Personal Representative Duties
Whoever serves as personal representative (called "executor" in some other states) has fiduciary duties under Arizona law: locate and inventory assets, give notice to heirs and creditors, pay valid debts and taxes, and distribute remaining assets per the will or per intestate succession. The role is real work and creates real legal exposure. Most personal representatives in any non-trivial estate hire an attorney to navigate filings, creditor claims, and final accounting.
9. Avoiding Probate: Small Estate Affidavits and Other Pathways
Many Arizona estates never go through probate because the assets either pass automatically (by survivorship, beneficiary designation, or beneficiary deed) or fall under statutory thresholds that allow collection by affidavit. Three pathways cover the large majority of cases.
Small Estate Affidavit for Personal Property (ARS § 14-3971)
Once a statutory waiting period after death has passed (commonly 30 days), an heir may collect personal property of the deceased by presenting a sworn affidavit to the holder of the property — a bank, a brokerage, a DMV office — rather than opening probate. The affidavit states that the value of the deceased's personal property does not exceed the statutory threshold (a figure the legislature has periodically increased) and that the affiant is entitled to collect it. No court filing is required. The institution holding the property is protected when paying out under a properly executed affidavit.
Small Estate Affidavit for Real Property
A separate provision in § 14-3971 lets an heir transfer real property under a similar affidavit when the equity in real estate is below the statutory threshold. This procedure has its own waiting period (commonly six months from death). It's narrower than the personal-property affidavit and more often replaced by a beneficiary deed signed during life.
Non-Probate Transfers
Most assets in a typical Arizona estate pass outside of probate entirely:
- Retirement accounts and life insurance go to named beneficiaries.
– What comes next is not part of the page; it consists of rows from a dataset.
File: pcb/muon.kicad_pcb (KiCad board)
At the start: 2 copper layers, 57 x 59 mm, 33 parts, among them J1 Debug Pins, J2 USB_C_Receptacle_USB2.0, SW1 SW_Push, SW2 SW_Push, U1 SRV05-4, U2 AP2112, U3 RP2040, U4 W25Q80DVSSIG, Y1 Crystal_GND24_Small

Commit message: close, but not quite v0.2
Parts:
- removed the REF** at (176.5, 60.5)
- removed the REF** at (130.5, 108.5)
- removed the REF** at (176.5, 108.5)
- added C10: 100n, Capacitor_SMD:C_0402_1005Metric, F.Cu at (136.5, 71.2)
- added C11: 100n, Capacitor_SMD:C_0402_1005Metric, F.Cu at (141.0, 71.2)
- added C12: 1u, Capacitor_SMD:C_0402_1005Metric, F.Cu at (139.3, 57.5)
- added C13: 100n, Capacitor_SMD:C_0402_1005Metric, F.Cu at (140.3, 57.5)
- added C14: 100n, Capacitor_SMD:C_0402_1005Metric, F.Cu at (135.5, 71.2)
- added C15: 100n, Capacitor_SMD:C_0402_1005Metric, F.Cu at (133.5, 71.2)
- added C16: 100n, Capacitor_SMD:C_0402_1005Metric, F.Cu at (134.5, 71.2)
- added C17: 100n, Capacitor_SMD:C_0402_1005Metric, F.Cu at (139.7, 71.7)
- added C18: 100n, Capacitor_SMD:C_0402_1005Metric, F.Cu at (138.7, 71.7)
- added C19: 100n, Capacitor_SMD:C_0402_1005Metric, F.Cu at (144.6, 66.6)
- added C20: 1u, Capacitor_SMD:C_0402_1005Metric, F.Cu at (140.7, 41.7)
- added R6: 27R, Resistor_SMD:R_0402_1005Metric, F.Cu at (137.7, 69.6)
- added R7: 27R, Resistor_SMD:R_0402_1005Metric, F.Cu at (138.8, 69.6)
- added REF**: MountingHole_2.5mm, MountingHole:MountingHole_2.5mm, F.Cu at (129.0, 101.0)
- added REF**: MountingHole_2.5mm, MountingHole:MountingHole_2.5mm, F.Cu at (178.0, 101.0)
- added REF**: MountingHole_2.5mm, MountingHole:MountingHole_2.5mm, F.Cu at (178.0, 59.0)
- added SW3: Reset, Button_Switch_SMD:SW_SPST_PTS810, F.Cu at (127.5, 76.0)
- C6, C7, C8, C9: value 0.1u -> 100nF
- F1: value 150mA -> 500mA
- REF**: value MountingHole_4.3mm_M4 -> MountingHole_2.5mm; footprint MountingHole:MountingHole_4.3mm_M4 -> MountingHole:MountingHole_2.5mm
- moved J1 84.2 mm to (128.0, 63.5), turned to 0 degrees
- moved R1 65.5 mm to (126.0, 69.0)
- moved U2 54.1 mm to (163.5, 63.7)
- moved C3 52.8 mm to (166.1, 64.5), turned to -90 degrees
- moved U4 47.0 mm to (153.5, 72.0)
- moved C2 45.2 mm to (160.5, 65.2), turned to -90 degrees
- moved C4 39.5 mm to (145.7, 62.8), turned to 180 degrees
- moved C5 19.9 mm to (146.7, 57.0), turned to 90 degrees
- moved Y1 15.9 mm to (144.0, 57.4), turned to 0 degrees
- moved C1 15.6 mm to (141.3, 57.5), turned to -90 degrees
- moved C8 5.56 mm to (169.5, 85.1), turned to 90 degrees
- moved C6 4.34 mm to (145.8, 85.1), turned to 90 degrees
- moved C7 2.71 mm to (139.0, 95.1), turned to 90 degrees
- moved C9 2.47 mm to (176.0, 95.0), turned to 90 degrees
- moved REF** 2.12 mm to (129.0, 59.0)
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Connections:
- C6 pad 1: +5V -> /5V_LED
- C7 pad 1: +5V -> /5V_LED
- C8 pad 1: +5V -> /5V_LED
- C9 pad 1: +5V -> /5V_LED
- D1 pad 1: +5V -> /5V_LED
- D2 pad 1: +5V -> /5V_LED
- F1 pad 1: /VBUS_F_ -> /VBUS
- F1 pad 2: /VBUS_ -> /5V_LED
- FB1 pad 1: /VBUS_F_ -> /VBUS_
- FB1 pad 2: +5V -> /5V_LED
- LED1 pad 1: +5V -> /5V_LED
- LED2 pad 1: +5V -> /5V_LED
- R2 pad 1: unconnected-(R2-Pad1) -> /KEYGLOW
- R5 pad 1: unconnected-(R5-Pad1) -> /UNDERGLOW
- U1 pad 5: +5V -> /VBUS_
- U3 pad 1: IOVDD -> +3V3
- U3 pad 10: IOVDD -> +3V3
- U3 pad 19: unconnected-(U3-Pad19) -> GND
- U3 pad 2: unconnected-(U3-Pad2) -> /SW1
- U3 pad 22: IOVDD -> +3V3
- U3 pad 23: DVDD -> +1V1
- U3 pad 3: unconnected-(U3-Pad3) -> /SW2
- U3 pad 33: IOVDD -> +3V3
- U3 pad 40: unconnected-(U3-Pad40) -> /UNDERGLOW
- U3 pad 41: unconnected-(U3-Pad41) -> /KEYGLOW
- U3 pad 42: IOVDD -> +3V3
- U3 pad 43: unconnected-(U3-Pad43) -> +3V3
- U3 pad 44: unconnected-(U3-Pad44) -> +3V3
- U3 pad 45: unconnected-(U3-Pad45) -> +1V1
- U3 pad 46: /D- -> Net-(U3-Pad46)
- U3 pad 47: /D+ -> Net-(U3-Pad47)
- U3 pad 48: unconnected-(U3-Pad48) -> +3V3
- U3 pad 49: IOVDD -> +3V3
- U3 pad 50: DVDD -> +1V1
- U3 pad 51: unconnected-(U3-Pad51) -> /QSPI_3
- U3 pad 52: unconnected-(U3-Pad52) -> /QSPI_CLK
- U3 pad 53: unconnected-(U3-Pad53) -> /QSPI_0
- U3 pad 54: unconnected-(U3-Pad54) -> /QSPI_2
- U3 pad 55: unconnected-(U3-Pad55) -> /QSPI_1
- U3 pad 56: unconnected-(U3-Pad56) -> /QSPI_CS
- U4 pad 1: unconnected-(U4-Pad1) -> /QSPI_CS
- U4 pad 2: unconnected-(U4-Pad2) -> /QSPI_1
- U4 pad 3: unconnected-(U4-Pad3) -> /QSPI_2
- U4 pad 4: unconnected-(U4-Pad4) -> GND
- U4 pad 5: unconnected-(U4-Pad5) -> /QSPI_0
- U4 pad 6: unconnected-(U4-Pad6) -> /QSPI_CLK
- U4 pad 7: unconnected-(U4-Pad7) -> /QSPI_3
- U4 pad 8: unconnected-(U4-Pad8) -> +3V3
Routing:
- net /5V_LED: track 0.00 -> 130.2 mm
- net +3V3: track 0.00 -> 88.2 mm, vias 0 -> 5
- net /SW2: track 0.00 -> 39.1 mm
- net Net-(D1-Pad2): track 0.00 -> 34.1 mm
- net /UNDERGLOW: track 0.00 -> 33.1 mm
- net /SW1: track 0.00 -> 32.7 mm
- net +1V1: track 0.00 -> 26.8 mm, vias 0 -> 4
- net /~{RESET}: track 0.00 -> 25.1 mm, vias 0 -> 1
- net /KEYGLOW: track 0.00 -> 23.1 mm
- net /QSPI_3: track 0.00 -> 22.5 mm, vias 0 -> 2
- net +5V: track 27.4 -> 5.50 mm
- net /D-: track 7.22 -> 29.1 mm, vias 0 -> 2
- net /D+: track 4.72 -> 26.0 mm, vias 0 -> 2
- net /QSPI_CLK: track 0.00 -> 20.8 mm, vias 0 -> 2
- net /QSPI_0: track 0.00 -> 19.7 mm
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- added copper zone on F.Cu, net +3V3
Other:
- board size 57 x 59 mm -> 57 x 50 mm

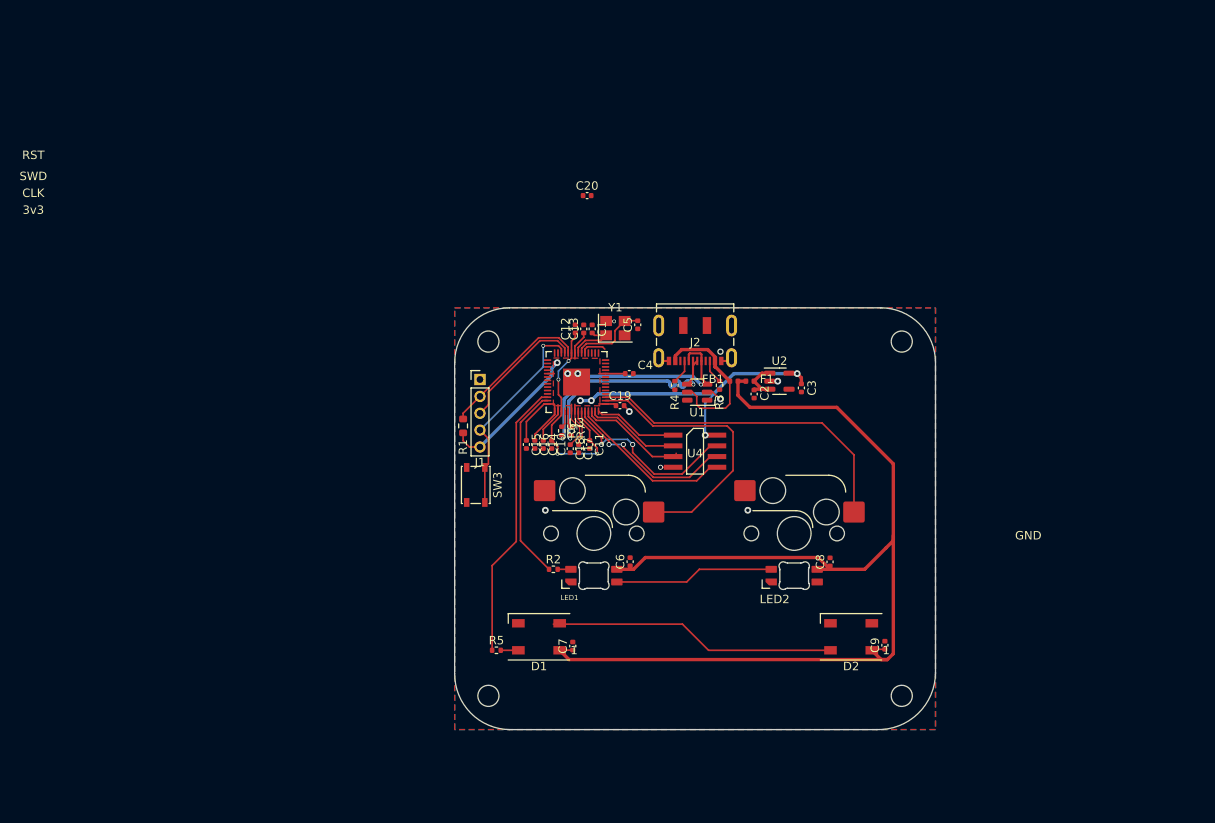
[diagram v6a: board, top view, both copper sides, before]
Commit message: add extra components for debugging and fix arragement of caps
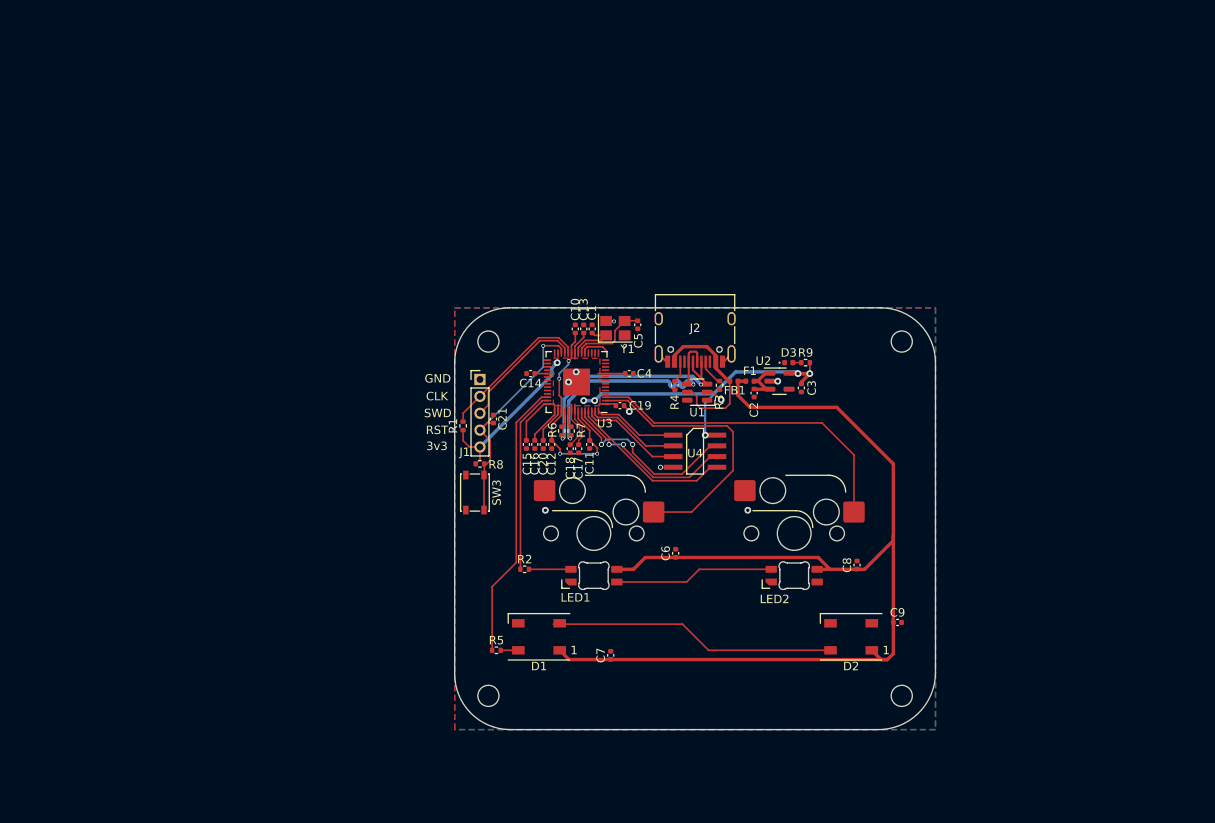
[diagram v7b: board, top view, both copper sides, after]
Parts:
- added C21: 100n, Capacitor_SMD:C_0402_1005Metric, F.Cu at (129.6, 68.2)
- added D3: PWR LED, LED_SMD:LED_0402_1005Metric, F.Cu at (164.6, 61.5)
- added R8: 10k, Resistor_SMD:R_0402_1005Metric, F.Cu at (128.0, 73.5)
- added R9: 1k, Resistor_SMD:R_0402_1005Metric, F.Cu at (166.6, 61.5)
- J2: footprint Connector_USB:USB_C_Receptacle_JAE_DX07S016JA1R1500 -> Connector_USB:USB_C_Receptacle_HRO_TYPE-C-31-M-12
- R1: footprint Resistor_SMD:R_0603_1608Metric -> Resistor_SMD:R_0402_1005Metric
- moved C20 30.0 mm to (135.5, 71.2), turned to -90 degrees
- moved C10 14.0 mm to (139.3, 57.5), turned to 90 degrees
- moved C12 14.0 mm to (136.5, 71.2), turned to -90 degrees
- moved C14 8.53 mm to (134.0, 62.8), turned to 180 degrees
- moved C6 5.49 mm to (151.2, 84.1)
- moved C7 4.63 mm to (143.5, 96.2)
- moved R2 3.40 mm to (133.3, 86.0)
- moved C8 3.22 mm to (172.7, 85.5)
- moved C9 3.09 mm to (177.5, 92.3), turned to 0 degrees
- moved J2 0.91 mm to (153.5, 57.3)
- moved SW3 0.91 mm to (127.4, 76.9)
- moved C2 0.12 mm to (160.5, 65.1)
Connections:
- F1 pad 1: /VBUS -> +5V
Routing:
- net +3V3: track 88.2 -> 97.2 mm, vias 5 -> 6
- net Net-(LED1-Pad3): track 1.56 -> 4.97 mm
- net /~{RESET}: track 25.1 -> 28.3 mm
- net /5V_LED: track 130.2 -> 127.1 mm
- net /D+: track 26.0 -> 28.3 mm
- net /KEYGLOW: track 23.1 -> 21.7 mm
- net /D-: track 29.1 -> 27.8 mm
- net /QSPI_CS: track 11.1 -> 10.0 mm
- net Net-(D3-Pad2): track 0.00 -> 1.00 mm
- net +5V: track 5.50 -> 6.43 mm
- net /VBUS_: track 18.9 -> 19.6 mm
- net GND: vias 9 -> 10

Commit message: v0-2 'release' but not that release-ish
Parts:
- C1, C5: value 5p -> 5pF
- C10, C11, C13, C14, C15, C16, C17, C18, C19, C21: value 100n -> 100nF
- C12, C20: value 1u -> 1uF
- R6, R7: value 27R -> 27
- moved C21 0.50 mm to (130.1, 68.2)
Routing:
- net /~{RESET}: track 28.3 -> 28.8 mm

- Bank and brokerage accounts can be set up as "payable on death" (POD) or "transfer on death" (TOD), automatically passing to a named beneficiary.
- Real estate covered by a recorded beneficiary deed transfers automatically.
- Property held in joint tenancy or community property with right of survivorship transfers automatically to the surviving co-owner.
- Assets in a revocable living trust pass per the trust terms.
For many Arizonans, between non-probate transfers and the small estate affidavit, no probate is ever filed. Achieving that state of affairs is the point of most lifetime estate planning work.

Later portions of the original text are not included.